WORK REQUIRED
The required output is the exact run of lines below that opens at the line with "(VDD), U3.30 (VDD)" and closes at the line with "(2), U3.43 (HV9)".

SOURCE DATA
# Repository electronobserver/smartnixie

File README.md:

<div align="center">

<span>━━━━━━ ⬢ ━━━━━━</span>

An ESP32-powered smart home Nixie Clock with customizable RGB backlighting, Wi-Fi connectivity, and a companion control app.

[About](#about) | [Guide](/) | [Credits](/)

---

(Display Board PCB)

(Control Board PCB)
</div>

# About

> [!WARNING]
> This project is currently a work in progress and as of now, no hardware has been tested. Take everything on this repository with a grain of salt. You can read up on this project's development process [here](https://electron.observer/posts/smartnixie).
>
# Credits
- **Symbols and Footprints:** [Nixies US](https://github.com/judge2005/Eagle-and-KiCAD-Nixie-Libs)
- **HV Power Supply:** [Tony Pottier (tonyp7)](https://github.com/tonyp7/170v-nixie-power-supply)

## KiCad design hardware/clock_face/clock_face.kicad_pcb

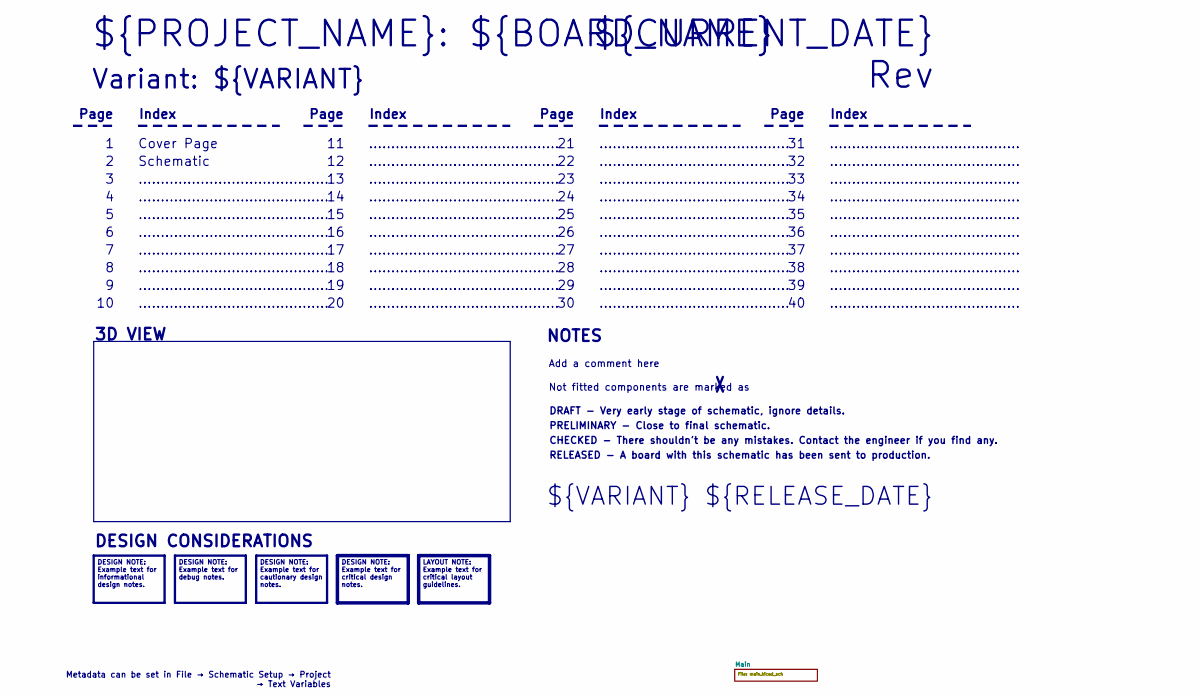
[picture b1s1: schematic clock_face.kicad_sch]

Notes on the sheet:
Metadata can be set in File → Schematic Setup → Project → Text Variables
DESIGN NOTE: Example text for informational design notes.
LAYOUT NOTE: Example text for critical layout guidelines.
DESIGN NOTE: Example text for cautionary design notes.
DESIGN NOTE: Example text for debug notes.
DESIGN NOTE: Example text for critical design notes.
...........................................
RELEASED - A board with this schematic has been sent to production.
Page
3D VIEW
Not fitted components are marked as
Index
PRELIMINARY - Close to final schematic.
${VARIANT} ${RELEASE_DATE}
${CURRENT_DATE}
Variant: ${VARIANT}
Rev ${REVISION}
${PROJECT_NAME}: ${BOARD_NAME}
DRAFT - Very early stage of schematic, ignore details.
Schematic
Add a comment here
Cover Page
NOTES
CHECKED - There shouldn't be any mistakes. Contact the engineer if you find any.
DESIGN CONSIDERATIONS

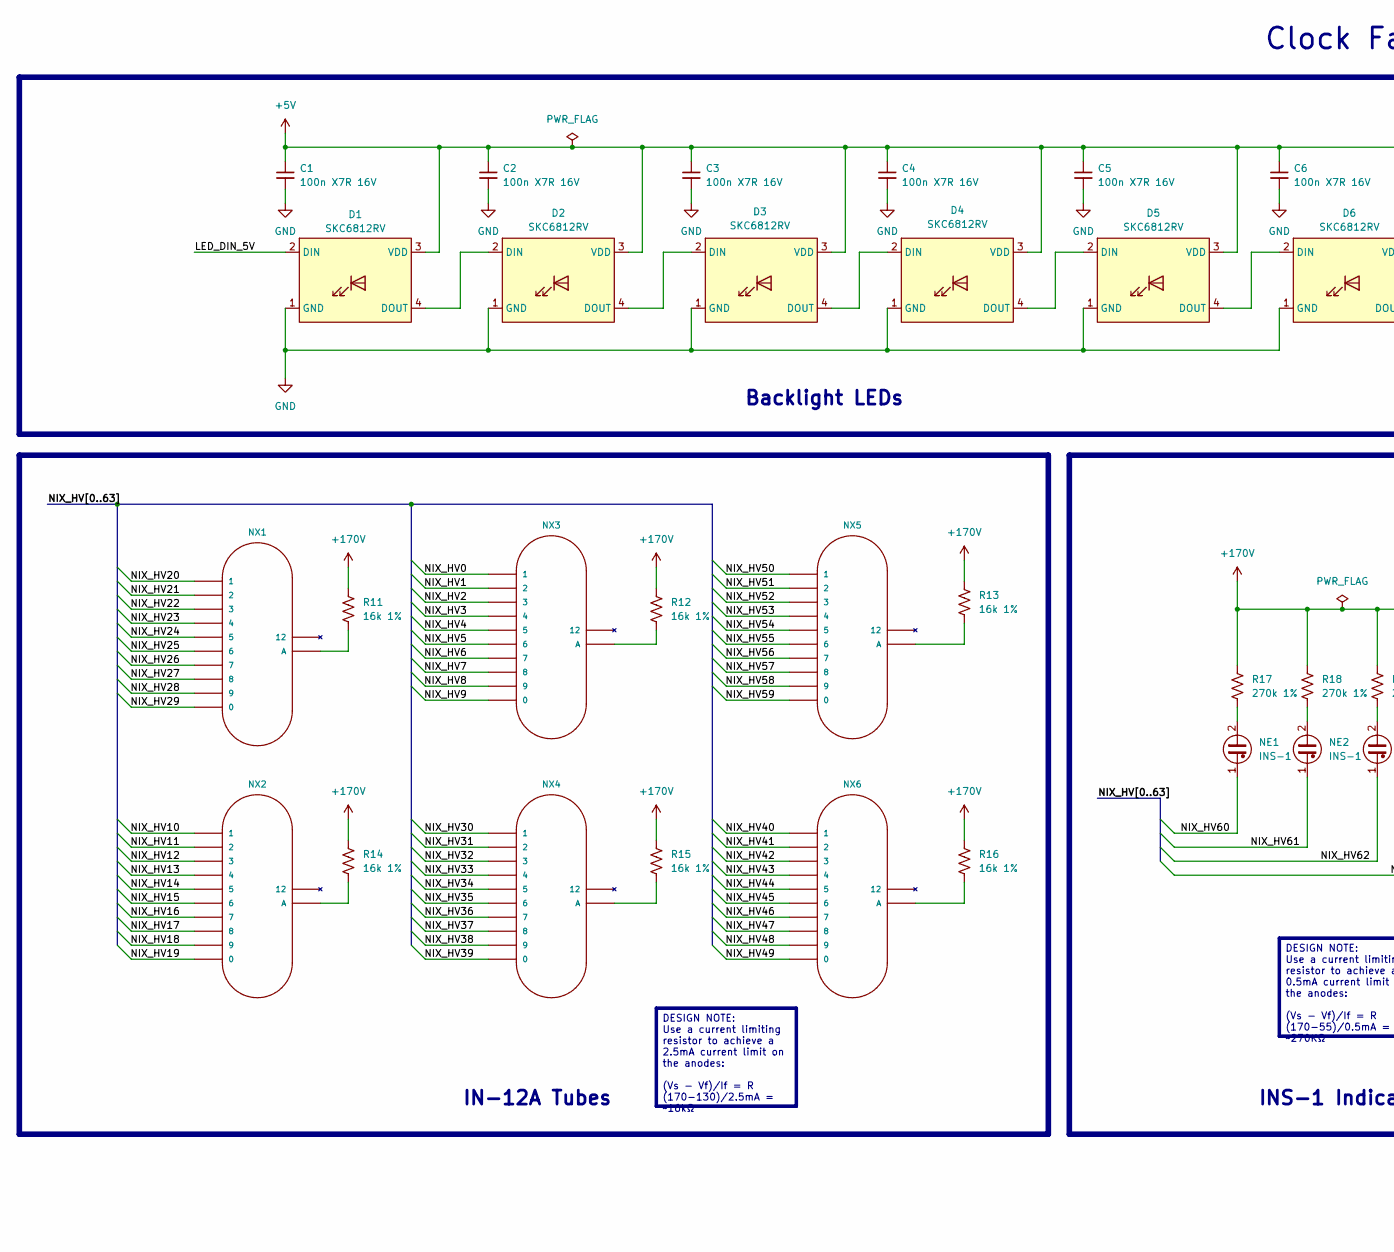
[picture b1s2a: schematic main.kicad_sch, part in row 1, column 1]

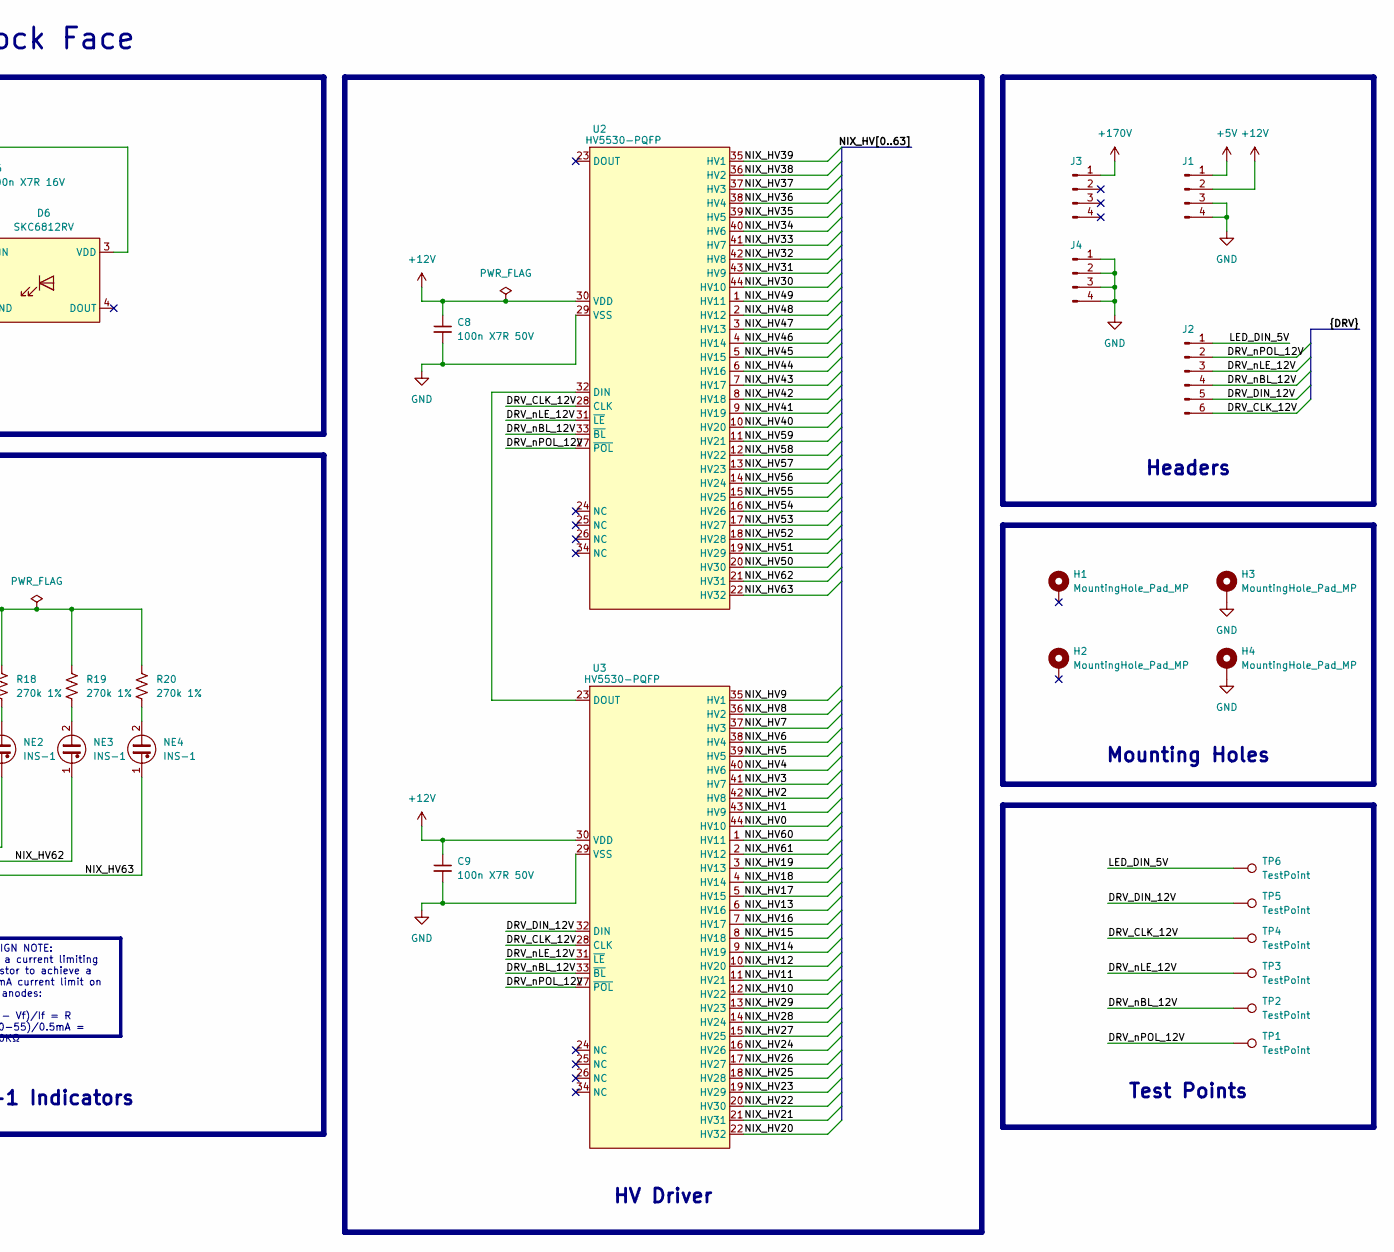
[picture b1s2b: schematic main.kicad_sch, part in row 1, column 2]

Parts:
C1, C2, C3, C4, C5, C6: 100n X7R 16V; C_0805_2012Metric_Pad1.18x1.45mm_HandSolder; Part No. CC0805KRX7R7BB104
C8, C9: 100n X7R 50V; C_0603_1608Metric_Pad1.08x0.95mm_HandSolder; Part No. CC0603KRX7R9BB104
D1, D2, D3, D4, D5, D6: SKC6812RV
H1, H2, H3, H4: MountingHole_Pad_MP; MountingHole_3.2mm_M3_Pad_Via
J1, J3, J4: Conn_01x04_Pin; PinHeader_1x04_P2.54mm_Vertical
J2: Conn_01x06_Pin; PinHeader_1x06_P2.54mm_Vertical
NE1, NE2, NE3, NE4: INS-1; INS_1
NX1, NX2, NX3, NX4, NX5, NX6: IN-12A; IN_12A
R11, R12, R13, R14, R15, R16: 16k 1%; R_1206_3216Metric_Pad1.30x1.75mm_HandSolder; Part No. RC1206FR-0716KL
R17, R18, R19, R20: 270k 1%; R_1206_3216Metric_Pad1.30x1.75mm_HandSolder; Part No. RC1206FR-07270KL
TP1, TP2, TP3, TP4, TP5, TP6: TestPoint; TestPoint_THTPad_D1.0mm_Drill0.5mm
U2, U3: HV5530-PQFP; PQFP-44_10x10mm_P0.8mm

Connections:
+5V: C1.1, C2.1, C3.1, C4.1, C5.1, C6.1, D1.3 (VDD), D2.3 (VDD), D3.3 (VDD), D4.3 (VDD), D5.3 (VDD), D6.3 (VDD), J1.1
+12V: C8.1, C9.1, J1.2, U2.30 (VDD), U3.30 (VDD)
+170V: J3.1, R11.1, R12.1, R13.1, R14.1, R15.1, R16.1, R17.1, R18.1, R19.1, R20.1
/Main/DRV_CLK_12V: J2.6, TP4.1, U2.28 (CLK), U3.28 (CLK)
/Main/DRV_DIN_12V: J2.5, TP5.1, U3.32 (DIN)
/Main/DRV_nBL_12V: J2.4, TP2.1, U2.33 (~BL), U3.33 (~BL)
/Main/DRV_nLE_12V: J2.3, TP3.1, U2.31 (~LE), U3.31 (~LE)
/Main/DRV_nPOL_12V: J2.2, TP1.1, U2.27 (~POL), U3.27 (~POL)
/Main/LED_DIN_5V: D1.2 (DIN), J2.1, TP6.1
/Main/NIX_HV0: NX3.11 (1), U3.44 (HV10)
/Main/NIX_HV1: NX3.10 (2), U3.43 (HV9)
/Main/NIX_HV2: NX3.9 (3), U3.42 (HV8)
/Main/NIX_HV3: NX3.8 (4), U3.41 (HV7)
/Main/NIX_HV4: NX3.7 (5), U3.40 (HV6)
/Main/NIX_HV5: NX3.6, U3.39 (HV5)
/Main/NIX_HV6: NX3.5 (7), U3.38 (HV4)
/Main/NIX_HV7: NX3.4 (8), U3.37 (HV3)
/Main/NIX_HV8: NX3.3 (9), U3.36 (HV2)
/Main/NIX_HV9: NX3.2 (0), U3.35 (HV1)
/Main/NIX_HV10: NX2.11 (1), U3.12 (HV22)
/Main/NIX_HV11: NX2.10 (2), U3.11 (HV21)
/Main/NIX_HV12: NX2.9 (3), U3.10 (HV20)
/Main/NIX_HV13: NX2.8 (4), U3.6 (HV16)
/Main/NIX_HV14: NX2.7 (5), U3.9 (HV19)
/Main/NIX_HV15: NX2.6, U3.8 (HV18)
/Main/NIX_HV16: NX2.5 (7), U3.7 (HV17)
/Main/NIX_HV17: NX2.4 (8), U3.5 (HV15)
/Main/NIX_HV18: NX2.3 (9), U3.4 (HV14)
/Main/NIX_HV19: NX2.2 (0), U3.3 (HV13)
/Main/NIX_HV20: NX1.11 (1), U3.22 (HV32)
/Main/NIX_HV21: NX1.10 (2), U3.21 (HV31)
/Main/NIX_HV22: NX1.9 (3), U3.20 (HV30)
/Main/NIX_HV23: NX1.8 (4), U3.19 (HV29)
/Main/NIX_HV24: NX1.7 (5), U3.16 (HV26)
/Main/NIX_HV25: NX1.6, U3.18 (HV28)
/Main/NIX_HV26: NX1.5 (7), U3.17 (HV27)
/Main/NIX_HV27: NX1.4 (8), U3.15 (HV25)
/Main/NIX_HV28: NX1.3 (9), U3.14 (HV24)
/Main/NIX_HV29: NX1.2 (0), U3.13 (HV23)
/Main/NIX_HV30: NX4.11 (1), U2.44 (HV10)
/Main/NIX_HV31: NX4.10 (2), U2.43 (HV9)
/Main/NIX_HV32: NX4.9 (3), U2.42 (HV8)
/Main/NIX_HV33: NX4.8 (4), U2.41 (HV7)
/Main/NIX_HV34: NX4.7 (5), U2.40 (HV6)
/Main/NIX_HV35: NX4.6, U2.39 (HV5)
/Main/NIX_HV36: NX4.5 (7), U2.38 (HV4)
/Main/NIX_HV37: NX4.4 (8), U2.37 (HV3)
/Main/NIX_HV38: NX4.3 (9), U2.36 (HV2)
/Main/NIX_HV39: NX4.2 (0), U2.35 (HV1)
/Main/NIX_HV40: NX6.11 (1), U2.10 (HV20)
/Main/NIX_HV41: NX6.10 (2), U2.9 (HV19)
/Main/NIX_HV42: NX6.9 (3), U2.8 (HV18)
/Main/NIX_HV43: NX6.8 (4), U2.7 (HV17)
/Main/NIX_HV44: NX6.7 (5), U2.6 (HV16)
/Main/NIX_HV45: NX6.6, U2.5 (HV15)
/Main/NIX_HV46: NX6.5 (7), U2.4 (HV14)
/Main/NIX_HV47: NX6.4 (8), U2.3 (HV13)
/Main/NIX_HV48: NX6.3 (9), U2.2 (HV12)
/Main/NIX_HV49: NX6.2 (0), U2.1 (HV11)
/Main/NIX_HV50: NX5.11 (1), U2.20 (HV30)
/Main/NIX_HV51: NX5.10 (2), U2.19 (HV29)
/Main/NIX_HV52: NX5.9 (3), U2.18 (HV28)
/Main/NIX_HV53: NX5.8 (4), U2.17 (HV27)
/Main/NIX_HV54: NX5.7 (5), U2.16 (HV26)
/Main/NIX_HV55: NX5.6, U2.15 (HV25)
/Main/NIX_HV56: NX5.5 (7), U2.14 (HV24)
/Main/NIX_HV57: NX5.4 (8), U2.13 (HV23)
/Main/NIX_HV58: NX5.3 (9), U2.12 (HV22)
/Main/NIX_HV59: NX5.2 (0), U2.11 (HV21)
/Main/NIX_HV60: NE1.1, U3.1 (HV11)
/Main/NIX_HV61: NE2.1, U3.2 (HV12)
/Main/NIX_HV62: NE3.1, U2.21 (HV31)
/Main/NIX_HV63: NE4.1, U2.22 (HV32)
GND: C1.2, C2.2, C3.2, C4.2, C5.2, C6.2, C8.2, C9.2, D1.1 (GND), D2.1 (GND), D3.1 (GND), D4.1 (GND), D5.1 (GND), D6.1 (GND), H3.1 (MP), H4.1 (MP), J1.3, J1.4, J4.1, J4.2, J4.3, J4.4, U2.29 (VSS), U3.29 (VSS)
unnamed: D1.4 (DOUT), D2.2 (DIN)
unnamed: D2.4 (DOUT), D3.2 (DIN)
unnamed: D3.4 (DOUT), D4.2 (DIN)
unnamed: D4.4 (DOUT), D5.2 (DIN)
unnamed: D5.4 (DOUT), D6.2 (DIN)
unnamed: NE1.2, R17.2
unnamed: NE2.2, R18.2
unnamed: NE3.2, R19.2
unnamed: NE4.2, R20.2
unnamed: NX1.1 (A), R11.2
unnamed: NX2.1 (A), R14.2
unnamed: NX3.1 (A), R12.2
unnamed: NX4.1 (A), R15.2
unnamed: NX5.1 (A), R13.2
unnamed: NX6.1 (A), R16.2
unnamed: U2.32 (DIN), U3.23 (DOUT)

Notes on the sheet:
HV Driver
Headers
DESIGN NOTE: Use a current limiting resistor to achieve a 2.5mA current limit on the anodes: (Vs - Vf)/If = R (170-130)/2.5mA = ~16kΩ
Test Points
Mounting Holes
INS-1 Indicators
DESIGN NOTE: Use a current limiting resistor to achieve a 0.5mA current limit on the anodes: (Vs - Vf)/If = R (170-55)/0.5mA = ~270KΩ
Backlight LEDs
Clock Face
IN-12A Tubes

COMPLETED EXERCISE
+12V: C8.1, C9.1, J1.2, U2.30 (VDD), U3.30 (VDD)
+170V: J3.1, R11.1, R12.1, R13.1, R14.1, R15.1, R16.1, R17.1, R18.1, R19.1, R20.1
/Main/DRV_CLK_12V: J2.6, TP4.1, U2.28 (CLK), U3.28 (CLK)
/Main/DRV_DIN_12V: J2.5, TP5.1, U3.32 (DIN)
/Main/DRV_nBL_12V: J2.4, TP2.1, U2.33 (~BL), U3.33 (~BL)
/Main/DRV_nLE_12V: J2.3, TP3.1, U2.31 (~LE), U3.31 (~LE)
/Main/DRV_nPOL_12V: J2.2, TP1.1, U2.27 (~POL), U3.27 (~POL)
/Main/LED_DIN_5V: D1.2 (DIN), J2.1, TP6.1
/Main/NIX_HV0: NX3.11 (1), U3.44 (HV10)
/Main/NIX_HV1: NX3.10 (2), U3.43 (HV9)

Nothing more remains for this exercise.